To simplify this we define the compute_error method below that takes
in a time-stepper method and a step size and returns the error in
solving the exponential decay problem to a specified time.
def compute_error(method, time_step_size):
tf = 0.5
yf = odesolve(rhs, y0, np.array([tf]), step_size=time_step_size, method=method).ravel()
return np.abs(yf - y0 * np.exp(k * tf))[0]
Now we import a few more methods provided by Spitfire for comparison’s
sake and run compute_error for each method across a range of time
step sizes. This uses a Python list comprehension to simplify the
construction of the list of errors, and simply saves off the results in
a dictionary. This sort of pattern is really convenient in many uses of
Spitfire.
Following this we use NumPy’s polyfit function to obtain the slopes
of the error over time step size results (in logarithmic scale). This
shows that Spitfire’s methods and our new second-order Adams-Bashforth
method are all solving the problem to their design order of accuracy.
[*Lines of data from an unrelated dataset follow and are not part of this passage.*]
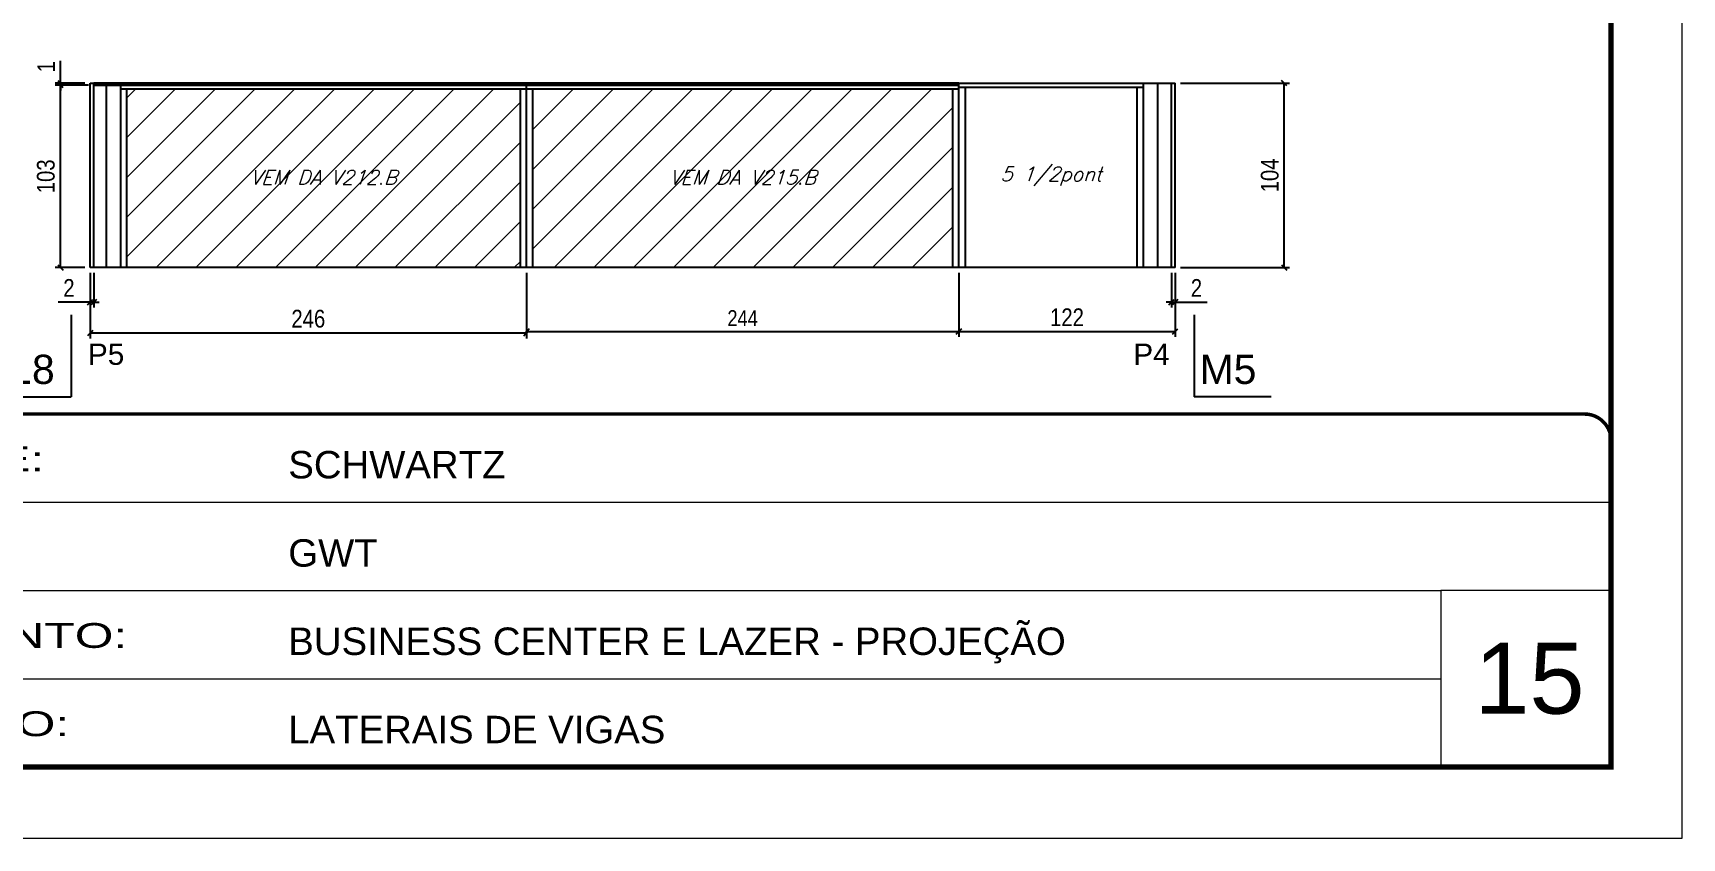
# Model space of a CAD drawing. Extents: x 13154 to 22413, y 1253 to 30260.
# Drawn here: x 16893 to 17823, y 25373 to 25828 of the extents above; entities that cross this region are included whole.
import ezdxf

# ---------------------------------------------------------------- set-up
doc = ezdxf.new("R2010")
doc.units = 0
doc.linetypes.add('CONTINUO', pattern=[0])
doc.linetypes.add('DASHED', pattern=[0.75, 0.5, -0.25])
for name, color, linetype in [('5', 5, 'Continuous'), ('COTA', 241, 'Continuous'), ('NOMENCLATURA', 7, 'Continuous'), ('Painéis', 200, 'Continuous'), ('SARR_2.2x7', 40, 'Continuous'), ('SARR_3.5x7', 81, 'Continuous'), ('texto', 7, 'Continuous')]:
    doc.layers.add(name, color=color, linetype=linetype)
for name, color, linetype, lineweight in [('CARIMBO', 255, 'Continuous', 9), ('Folhas', 255, 'Continuous', 9), ('Hachura', 251, 'Continuous', 9), ('SARRAFO DE PRESSAO', 251, 'DASHED', 9)]:
    doc.layers.add(name, color=color, linetype=linetype, lineweight=lineweight)
doc.styles.add('ARIAL', font='arial.ttf')
doc.styles.add('COTA TECNICA', font='techl___.ttf', dxfattribs={"height": 10})
doc.styles.add('COTA TECNICA-50', font='techl___.ttf', dxfattribs={"height": 9})
doc.styles.add('Romans', font='romans.shx')
doc.styles.get("Standard").update_dxf_attribs({"font": 'arial.ttf'})
doc.styles.add('Tecnologia', font='')
doc.styles.get('Tecnologia').set_extended_font_data('Forgotten Futurist')
doc.dimstyles.new('COTA PAINEL-50', dxfattribs={"dimtxt": 9, "dimasz": 3, "dimexe": 3, "dimexo": 3, "dimgap": 3, "dimtad": 1, "dimdec": 1, "dimzin": 12, "dimdsep": 46, "dimtxsty": 'COTA TECNICA-50', "dimblk1": 'OBLIQUE', "dimblk2": 'OBLIQUE', "dimsah": 1, "dimcen": 0.9, "dimclrd": 4, "dimclre": 4, "dimclrt": 240, "dimadec": 1, "dimazin": 3, "dimtfac": 1, "dimtdec": 1, "dimtmove": 0, "dimatfit": 3, "dimfxl": 1, "dimtolj": 1, "dimtzin": 12, "dimarcsym": 0})
doc.dimstyles.new('PAINEL', dxfattribs={"dimtxt": 10, "dimasz": 3, "dimexe": 3, "dimexo": 3, "dimgap": 3, "dimtad": 1, "dimdec": 1, "dimzin": 12, "dimdsep": 46, "dimtxsty": 'COTA TECNICA', "dimblk1": 'OBLIQUE', "dimblk2": 'OBLIQUE', "dimsah": 1, "dimcen": 0.9, "dimclrd": 4, "dimclre": 4, "dimclrt": 240, "dimadec": 1, "dimazin": 3, "dimtfac": 1, "dimtdec": 1, "dimtmove": 0, "dimatfit": 3, "dimfxl": 1, "dimtolj": 1, "dimtzin": 12, "dimarcsym": 0})

# ---------------------------------------------------------------- blocks, each defined once
blk = doc.blocks.new('9999999999')
at = {"color": 30, "linetype": 'CONTINUO'}
for p, q in [((98564.56, 34379.64), (99583.98, 34379.64)), ((98564.56, 34329.83), (99487.98, 34329.83)), ((99583.98, 34329.83), (99487.98, 34329.83)), ((99487.98, 34329.83), (99487.98, 34230.21)), ((98564.56, 34280.02), (99487.98, 34280.02))]:
    blk.add_line(p, q, dxfattribs=at)
at = {"color": 30, "linetype": 'CONTINUO', "const_width": 2}
blk.add_lwpolyline([(99583.98, 34230.21), (99583.98, 34414.45, 0.414214), (99568.98, 34429.45), (98228.98, 34429.45, 0.414214), (98213.98, 34414.45), (98213.98, 34245.21, 0.414214), (98228.98, 34230.21), (99583.98, 34230.21)], format="xyb", dxfattribs=at)
at = {"layer": 'Folhas'}
blk.add_lwpolyline([(98138.98, 34190.21), (99623.98, 34190.21), (99623.98, 35240.21), (98138.98, 35240.21)], close=True, dxfattribs=at)
at = {"layer": 'Folhas', "color": 30, "const_width": 3}
blk.add_lwpolyline([(98213.98, 34230.21), (99583.98, 34230.21), (99583.98, 35200.21), (98213.98, 35200.21)], close=True, dxfattribs=at)
at = {"color": 7, "linetype": 'Continuous', "ltscale": 5, "style": 'ARIAL'}
for s, height, p in [('SCHWARTZ', 15.483, (98837.68, 34393.13)), ('GWT', 15.483, (98837.68, 34343.32)), ('BUSINESS CENTER E LAZER - PROJEÇÃO', 15.4829, (98837.68, 34293.51)), ('LATERAIS DE VIGAS', 15.4829, (98837.68, 34243.7))]:
    blk.add_text(s, height=height, dxfattribs=at).set_placement(p)
at = {"layer": 'Folhas', "color": 7, "style": 'Tecnologia', "width": 1.5}
for s, p in [('CLIENTE:', (98573.65, 34397.17)), ('PAVIMENTO:', (98573.65, 34297.5)), ('PROJETO:', (98573.65, 34247.69))]:
    blk.add_text(s, height=14, dxfattribs=at).set_placement(p)
blk = doc.blocks.new('_Oblique')
at = {"color": 0, "linetype": 'ByBlock', "lineweight": -2}
blk.add_line((-0.5, -0.5), (0.5, 0.5), dxfattribs=at)
blk = doc.blocks.new('*D199')
at = {"layer": 'COTA', "color": 4, "linetype": 'ByBlock', "lineweight": -2, "transparency": 16777216}
for p, q in [((17170.89, 25692.32), (17170.89, 25656.24)), ((17414.89, 25692.32), (17414.89, 25656.24)), ((17170.89, 25659.24), (17414.89, 25659.24))]:
    blk.add_line(p, q, dxfattribs=at)
at = {"layer": 'Defpoints', "color": 0, "linetype": 'ByBlock', "transparency": 16777216}
for p in [(17170.89, 25695.32), (17414.89, 25695.32), (17414.89, 25659.24)]:
    blk.add_point(p, dxfattribs=at)
at = {"layer": 'COTA', "color": 4, "linetype": 'ByBlock', "lineweight": -2, "transparency": 16777216, "xscale": 3, "yscale": 3, "zscale": 3, "rotation": 180}
blk.add_blockref('_Oblique', (17170.89, 25659.24), dxfattribs=at)
at = {"layer": 'COTA', "color": 4, "linetype": 'ByBlock', "lineweight": -2, "transparency": 16777216, "xscale": 3, "yscale": 3, "zscale": 3}
blk.add_blockref('_Oblique', (17414.89, 25659.24), dxfattribs=at)
at = {"layer": 'COTA', "color": 240, "linetype": 'ByBlock', "transparency": 16777216, "insert": (17292.89, 25666.8), "char_height": 9, "attachment_point": 5, "style": 'COTA TECNICA-50'}
blk.add_mtext('\\A1;244', dxfattribs=at)
blk = doc.blocks.new('*D1197')
at = {"layer": 'COTA', "color": 4, "linetype": 'ByBlock', "lineweight": -2, "transparency": 16777216}
for p, q in [((16924.89, 25692.32), (16924.89, 25655.34)), ((17170.89, 25692.32), (17170.89, 25655.34)), ((17170.89, 25658.34), (16924.89, 25658.34))]:
    blk.add_line(p, q, dxfattribs=at)
at = {"layer": 'Defpoints', "color": 0, "linetype": 'ByBlock', "transparency": 16777216}
for p in [(16924.89, 25695.32), (17170.89, 25695.32), (16924.89, 25658.34)]:
    blk.add_point(p, dxfattribs=at)
at = {"layer": 'COTA', "color": 4, "linetype": 'ByBlock', "lineweight": -2, "transparency": 16777216, "xscale": 3, "yscale": 3, "zscale": 3, "rotation": 180}
blk.add_blockref('_Oblique', (16924.89, 25658.34), dxfattribs=at)
at = {"layer": 'COTA', "color": 4, "linetype": 'ByBlock', "lineweight": -2, "transparency": 16777216, "xscale": 3, "yscale": 3, "zscale": 3}
blk.add_blockref('_Oblique', (17170.89, 25658.34), dxfattribs=at)
at = {"layer": 'COTA', "color": 240, "linetype": 'ByBlock', "transparency": 16777216, "insert": (17047.89, 25666.44), "char_height": 10, "attachment_point": 5, "style": 'COTA TECNICA'}
blk.add_mtext('\\A1;246', dxfattribs=at)
blk = doc.blocks.new('*D1198')
at = {"layer": 'COTA', "color": 4, "linetype": 'ByBlock', "lineweight": -2, "transparency": 16777216}
for p, q in [((17414.89, 25692.32), (17414.89, 25656.24)), ((17536.89, 25692.32), (17536.89, 25656.24)), ((17414.89, 25659.24), (17536.89, 25659.24))]:
    blk.add_line(p, q, dxfattribs=at)
at = {"layer": 'Defpoints', "color": 0, "linetype": 'ByBlock', "transparency": 16777216}
for p in [(17414.89, 25695.32), (17536.89, 25695.32), (17536.89, 25659.24)]:
    blk.add_point(p, dxfattribs=at)
at = {"layer": 'COTA', "color": 4, "linetype": 'ByBlock', "lineweight": -2, "transparency": 16777216, "xscale": 3, "yscale": 3, "zscale": 3, "rotation": 180}
blk.add_blockref('_Oblique', (17414.89, 25659.24), dxfattribs=at)
at = {"layer": 'COTA', "color": 4, "linetype": 'ByBlock', "lineweight": -2, "transparency": 16777216, "xscale": 3, "yscale": 3, "zscale": 3}
blk.add_blockref('_Oblique', (17536.89, 25659.24), dxfattribs=at)
at = {"layer": 'COTA', "color": 240, "linetype": 'ByBlock', "transparency": 16777216, "insert": (17475.89, 25667.29), "char_height": 10, "attachment_point": 5, "style": 'COTA TECNICA'}
blk.add_mtext('\\A1;122', dxfattribs=at)
blk = doc.blocks.new('*D1199')
at = {"layer": 'COTA', "color": 4, "linetype": 'ByBlock', "lineweight": -2, "transparency": 16777216}
for p, q in [((17539.89, 25799.32), (17601.44, 25799.32)), ((17598.44, 25695.32), (17598.44, 25799.32)), ((17539.89, 25695.32), (17601.44, 25695.32))]:
    blk.add_line(p, q, dxfattribs=at)
at = {"layer": 'Defpoints', "color": 0, "linetype": 'ByBlock', "transparency": 16777216}
for p in [(17536.89, 25799.32), (17598.44, 25799.32), (17536.89, 25695.32)]:
    blk.add_point(p, dxfattribs=at)
at = {"layer": 'COTA', "color": 4, "linetype": 'ByBlock', "lineweight": -2, "transparency": 16777216, "xscale": 3, "yscale": 3, "zscale": 3}
for p, rotation in [((17598.44, 25799.32), 90), ((17598.44, 25695.32), 270)]:
    blk.add_blockref('_Oblique', p, dxfattribs=dict(at, rotation=rotation))
at = {"layer": 'COTA', "color": 240, "linetype": 'ByBlock', "transparency": 16777216, "insert": (17590.34, 25747.32), "char_height": 10, "attachment_point": 5, "rotation": 90, "style": 'COTA TECNICA'}
blk.add_mtext('\\A1;104', dxfattribs=at)
blk = doc.blocks.new('*D1200')
at = {"layer": 'COTA', "color": 4, "linetype": 'ByBlock', "lineweight": -2, "transparency": 16777216}
for p, q in [((16924.89, 25692.32), (16924.89, 25672.84)), ((16926.89, 25692.32), (16926.89, 25672.84)), ((16924.89, 25675.84), (16906.77, 25675.84)), ((16926.89, 25675.84), (16924.89, 25675.84)), ((16926.89, 25675.84), (16929.89, 25675.84))]:
    blk.add_line(p, q, dxfattribs=at)
at = {"layer": 'Defpoints', "color": 0, "linetype": 'ByBlock', "transparency": 16777216}
for p in [(16924.89, 25695.32), (16926.89, 25695.32), (16924.89, 25675.84)]:
    blk.add_point(p, dxfattribs=at)
at = {"layer": 'COTA', "color": 4, "linetype": 'ByBlock', "lineweight": -2, "transparency": 16777216, "xscale": 3, "yscale": 3, "zscale": 3}
blk.add_blockref('_Oblique', (16924.89, 25675.84), dxfattribs=at)
at = {"layer": 'COTA', "color": 4, "linetype": 'ByBlock', "lineweight": -2, "transparency": 16777216, "xscale": 3, "yscale": 3, "zscale": 3, "rotation": 180}
blk.add_blockref('_Oblique', (16926.89, 25675.84), dxfattribs=at)
at = {"layer": 'COTA', "color": 240, "linetype": 'ByBlock', "transparency": 16777216, "insert": (16912.83, 25683.84), "char_height": 10, "attachment_point": 5, "style": 'COTA TECNICA'}
blk.add_mtext('\\A1;2', dxfattribs=at)
blk = doc.blocks.new('*D200')
at = {"layer": 'COTA', "color": 4, "linetype": 'ByBlock', "lineweight": -2, "transparency": 16777216}
for p, q in [((17534.89, 25692.32), (17534.89, 25672.84)), ((17536.89, 25692.32), (17536.89, 25672.84)), ((17534.89, 25675.84), (17531.89, 25675.84)), ((17534.89, 25675.84), (17536.89, 25675.84)), ((17536.89, 25675.84), (17555, 25675.84))]:
    blk.add_line(p, q, dxfattribs=at)
at = {"layer": 'Defpoints', "color": 0, "linetype": 'ByBlock', "transparency": 16777216}
for p in [(17534.89, 25695.32), (17536.89, 25695.32), (17536.89, 25675.84)]:
    blk.add_point(p, dxfattribs=at)
at = {"layer": 'COTA', "color": 4, "linetype": 'ByBlock', "lineweight": -2, "transparency": 16777216, "xscale": 3, "yscale": 3, "zscale": 3}
blk.add_blockref('_Oblique', (17534.89, 25675.84), dxfattribs=at)
at = {"layer": 'COTA', "color": 4, "linetype": 'ByBlock', "lineweight": -2, "transparency": 16777216, "xscale": 3, "yscale": 3, "zscale": 3, "rotation": 180}
blk.add_blockref('_Oblique', (17536.89, 25675.84), dxfattribs=at)
at = {"layer": 'COTA', "color": 240, "linetype": 'ByBlock', "transparency": 16777216, "insert": (17548.94, 25683.84), "char_height": 10, "attachment_point": 5, "style": 'COTA TECNICA'}
blk.add_mtext('\\A1;2', dxfattribs=at)
blk = doc.blocks.new('*D3228')
at = {"layer": 'COTA', "color": 4, "lineweight": -2, "transparency": 16777216}
for p, q in [((16923.89, 25798.32), (16905.05, 25798.32)), ((16908.05, 25695.32), (16908.05, 25798.32)), ((16921.89, 25695.32), (16905.05, 25695.32))]:
    blk.add_line(p, q, dxfattribs=at)
at = {"layer": 'Defpoints', "color": 0, "transparency": 16777216}
for p in [(16908.05, 25798.32), (16926.89, 25798.32), (16924.89, 25695.32)]:
    blk.add_point(p, dxfattribs=at)
at = {"layer": 'COTA', "color": 4, "lineweight": -2, "transparency": 16777216, "xscale": 3, "yscale": 3, "zscale": 3}
for p, rotation in [((16908.05, 25798.32), 90), ((16908.05, 25695.32), 270)]:
    blk.add_blockref('_Oblique', p, dxfattribs=dict(at, rotation=rotation))
at = {"layer": 'COTA', "color": 240, "transparency": 16777216, "insert": (16899.83, 25746.82), "char_height": 10, "attachment_point": 5, "rotation": 90, "style": 'COTA TECNICA'}
blk.add_mtext('\\A1;103', dxfattribs=at)
blk = doc.blocks.new('*D3229')
at = {"layer": 'COTA', "color": 4, "lineweight": -2, "transparency": 16777216}
for p, q in [((16908.05, 25799.32), (16908.05, 25811.91)), ((16921.89, 25799.32), (16905.05, 25799.32)), ((16923.89, 25798.32), (16905.05, 25798.32)), ((16908.05, 25798.32), (16908.05, 25799.32)), ((16908.05, 25798.32), (16908.05, 25795.32))]:
    blk.add_line(p, q, dxfattribs=at)
at = {"layer": 'Defpoints', "color": 0, "transparency": 16777216}
for p in [(16908.05, 25799.32), (16924.89, 25799.32), (16926.89, 25798.32)]:
    blk.add_point(p, dxfattribs=at)
at = {"layer": 'COTA', "color": 4, "lineweight": -2, "transparency": 16777216, "xscale": 3, "yscale": 3, "zscale": 3}
for p, rotation in [((16908.05, 25799.32), 270), ((16908.05, 25798.32), 90)]:
    blk.add_blockref('_Oblique', p, dxfattribs=dict(at, rotation=rotation))
at = {"layer": 'COTA', "color": 240, "transparency": 16777216, "insert": (16899.99, 25808.62), "char_height": 10, "attachment_point": 5, "rotation": 90, "style": 'COTA TECNICA'}
blk.add_mtext('\\A1;1', dxfattribs=at)

msp = doc.modelspace()

# ---------------------------------------------------------------- hatches: boundary and pattern name
at = {"layer": 'Hachura', "linetype": 'ByBlock'}
h = msp.add_hatch(dxfattribs=at)
h.set_pattern_fill('ANSI31', color=256, scale=5)
h.paths.add_polyline_path([(17411.39, 25695.32), (17411.39, 25796.12), (17174.39, 25796.12), (17174.39, 25695.32)])
h.paths.add_polyline_path([(17167.39, 25796.12), (16945.39, 25796.12), (16945.39, 25695.32), (17167.39, 25695.32)])

# ---------------------------------------------------------------- linework, layer by layer
at = {"layer": 'NOMENCLATURA', "linetype": 'Continuous'}
for p, q in [((16914.07, 25668.61), (16914.07, 25622.47)), ((17547.7, 25668.61), (17547.7, 25622.47)), ((16853.9, 25622.47), (16914.07, 25622.47)), ((17591.14, 25622.47), (17547.7, 25622.47))]:
    msp.add_line(p, q, dxfattribs=at)
at = {"layer": 'Painéis', "linetype": 'Continuous'}
for p, q in [((16924.89, 25695.32), (16924.89, 25799.32)), ((16924.89, 25799.32), (17536.89, 25799.32)), ((16926.89, 25695.32), (16926.89, 25799.32)), ((17170.89, 25695.32), (17170.89, 25799.32)), ((17414.89, 25695.32), (17414.89, 25799.32)), ((17534.89, 25695.32), (17534.89, 25799.32)), ((17536.89, 25695.32), (17536.89, 25799.32)), ((17536.89, 25695.32), (16924.89, 25695.32))]:
    msp.add_line(p, q, dxfattribs=at)
msp.add_lwpolyline([(16926.89, 25798.32), (17414.89, 25798.32), (17414.89, 25799.32), (16926.89, 25799.32)], close=True, dxfattribs=at)
at = {"layer": 'SARR_2.2x7', "linetype": 'Continuous'}
for p, q in [((16933.89, 25798.32), (16933.89, 25695.32)), ((17526.89, 25799.32), (17526.89, 25695.32)), ((16941.89, 25796.12), (17170.89, 25796.12)), ((17170.89, 25796.12), (17414.89, 25796.12)), ((17414.89, 25797.12), (17518.89, 25797.12))]:
    msp.add_line(p, q, dxfattribs=at)
at = {"layer": 'SARR_3.5x7'}
for p, q in [((16941.89, 25798.32), (16941.89, 25695.32)), ((17518.89, 25799.32), (17518.89, 25695.32)), ((16945.39, 25796.12), (16945.39, 25695.32)), ((17167.39, 25796.12), (17167.39, 25695.32)), ((17174.39, 25796.12), (17174.39, 25695.32)), ((17411.39, 25796.12), (17411.39, 25695.32)), ((17418.39, 25797.12), (17418.39, 25695.32)), ((17515.39, 25797.12), (17515.39, 25695.32))]:
    msp.add_line(p, q, dxfattribs=at)

# ---------------------------------------------------------------- block references
at = {"layer": 'SARRAFO DE PRESSAO', "color": 6, "linetype": 'ByBlock'}
msp.add_blockref('9999999999', (-81801.1, -8816.76), dxfattribs=at)

# ---------------------------------------------------------------- texts
at = {"layer": '5', "linetype": 'Continuous'}
for s, p in [('P5', (16923.56, 25640.44)), ('P4', (17513.33, 25640.44))]:
    msp.add_text(s, height=12, rotation=359.99996, dxfattribs=at).set_placement(p)
at = {"layer": 'CARIMBO', "style": 'ARIAL'}
msp.add_text('15', height=40, dxfattribs=at).set_placement((17705.74, 25443.59))
at = {"layer": 'NOMENCLATURA', "linetype": 'Continuous'}
for s, p in [('M18', (16859.97, 25629.66)), ('M5', (17550.73, 25629.66))]:
    msp.add_text(s, height=16.5, dxfattribs=at).set_placement(p)
at = {"layer": 'texto', "color": 2, "char_height": 8, "attachment_point": 5, "style": 'Romans'}
for s, insert in [('{\\Q19;\\C256;5 1/2pont}', (17466.89, 25746.82)), ('{\\Q19;\\C256;VEM DA V212.B}', (17056.39, 25746.22)), ('{\\Q19;\\C256;VEM DA V215.B}', (17292.89, 25746.22))]:
    msp.add_mtext(s, dxfattribs=dict(at, insert=insert))

# ---------------------------------------------------------------- dimensions: what is measured, and where the dimension line sits
at = {"layer": 'COTA'}
for base, p1, p2, picture, middle in [((16908.05, 25799.32), (16926.89, 25798.32), (16924.89, 25799.32), '*D3229', (16899.99, 25808.62)), ((16908.05, 25798.32), (16924.89, 25695.32), (16926.89, 25798.32), '*D3228', (16899.83, 25746.82))]:
    dim = msp.add_linear_dim(base=base, p1=p1, p2=p2, angle=90, dimstyle='PAINEL', dxfattribs=at)
    dim.commit()
    dim.dimension.update_dxf_attribs({"geometry": picture, "text_midpoint": middle})
at = {"layer": 'COTA', "linetype": 'ByBlock'}
for base, p1, p2, angle, picture, middle in [((17598.44, 25799.32), (17536.89, 25695.32), (17536.89, 25799.32), 90, '*D1199', (17590.34, 25747.32)), ((16924.89, 25658.34), (17170.89, 25695.32), (16924.89, 25695.32), 180, '*D1197', (17047.89, 25666.44)), ((17536.89, 25675.84), (17534.89, 25695.32), (17536.89, 25695.32), 180, '*D200', (17548.94, 25683.84))]:
    dim = msp.add_linear_dim(base=base, p1=p1, p2=p2, angle=angle, dimstyle='PAINEL', dxfattribs=at)
    dim.commit()
    dim.dimension.update_dxf_attribs({"geometry": picture, "text_midpoint": middle})
for base, p1, p2, picture, middle in [((16924.89, 25675.84), (16926.89, 25695.32), (16924.89, 25695.32), '*D1200', (16912.83, 25683.84)), ((17536.89, 25659.24), (17414.89, 25695.32), (17536.89, 25695.32), '*D1198', (17475.89, 25667.29))]:
    dim = msp.add_linear_dim(base=base, p1=p1, p2=p2, dimstyle='PAINEL', dxfattribs=at)
    dim.commit()
    dim.dimension.update_dxf_attribs({"geometry": picture, "text_midpoint": middle})
dim = msp.add_linear_dim(base=(17414.89, 25659.24), p1=(17170.89, 25695.32), p2=(17414.89, 25695.32), angle=180, dimstyle='COTA PAINEL-50', override={"dimarcsym": 1}, dxfattribs=at)
dim.commit()
dim.dimension.update_dxf_attribs({"geometry": '*D199', "text_midpoint": (17292.89, 25666.8)})

doc.saveas('drawing.dxf')

from spitfire import ForwardEulerS1P1, \
RK4ClassicalS4P4, \
ExpRalstonS2P2, \
RK3KuttaS3P3
dt_list = [1e-4, 2e-4, 5e-4, 1e-3, 2e-3, 5e-3, 1e-2, 2e-2, 5e-2, 1e-1, 2e-1, 3e-1, 4e-1]
error_dict = dict()
error_dict['FE'] = [compute_error(ForwardEulerS1P1(), dt) for dt in dt_list]
error_dict['RK2'] = [compute_error(ExpRalstonS2P2(), dt) for dt in dt_list]
error_dict['RK3'] = [compute_error(RK3KuttaS3P3(), dt) for dt in dt_list]
error_dict['RK4'] = [compute_error(RK4ClassicalS4P4(), dt) for dt in dt_list]
error_dict['RK8'] = [compute_error(runge_kutta_methods['Fehlberg'], dt) for dt in dt_list]
error_dict['AB2'] = [compute_error(AdamsBashforth2(), dt) for dt in dt_list]
order_dict = dict()
for method in error_dict:
# here we slice the results so that the polyfit is done only on the asymptotic data,
# - some of the methods are unstable with dt > 0.1
# - the RK8 method and RK4 method reach machine precision errors that cannot be lower
if method == 'RK8':
s = slice(6, 10, None)
else:
s = slice(2, 7, None)
order_dict[method] = np.polyfit(np.log(dt_list[s]), np.log(error_dict[method][s]), 1)[0]
for method in error_dict:
plt.loglog(dt_list, error_dict[method], 'o--', label=f'{method}, observed order={order_dict[method]:.2f}')
plt.legend(bbox_to_anchor=(1.04,0.5), loc="center left", borderaxespad=0)
plt.xlabel('time step size')
plt.ylabel('global error')
plt.grid()
plt.tight_layout()
plt.show()
4.2.2.5. Conclusions¶
In this example we’ve shown how to employ user-defined explicit Runge-Kutta methods and custom classes, in this a second-order Adams-Bashforth method, to solve a simple ordinary differential equation. Verifying the order of accuracy of the methods suggests confidence that they are implemented correctly.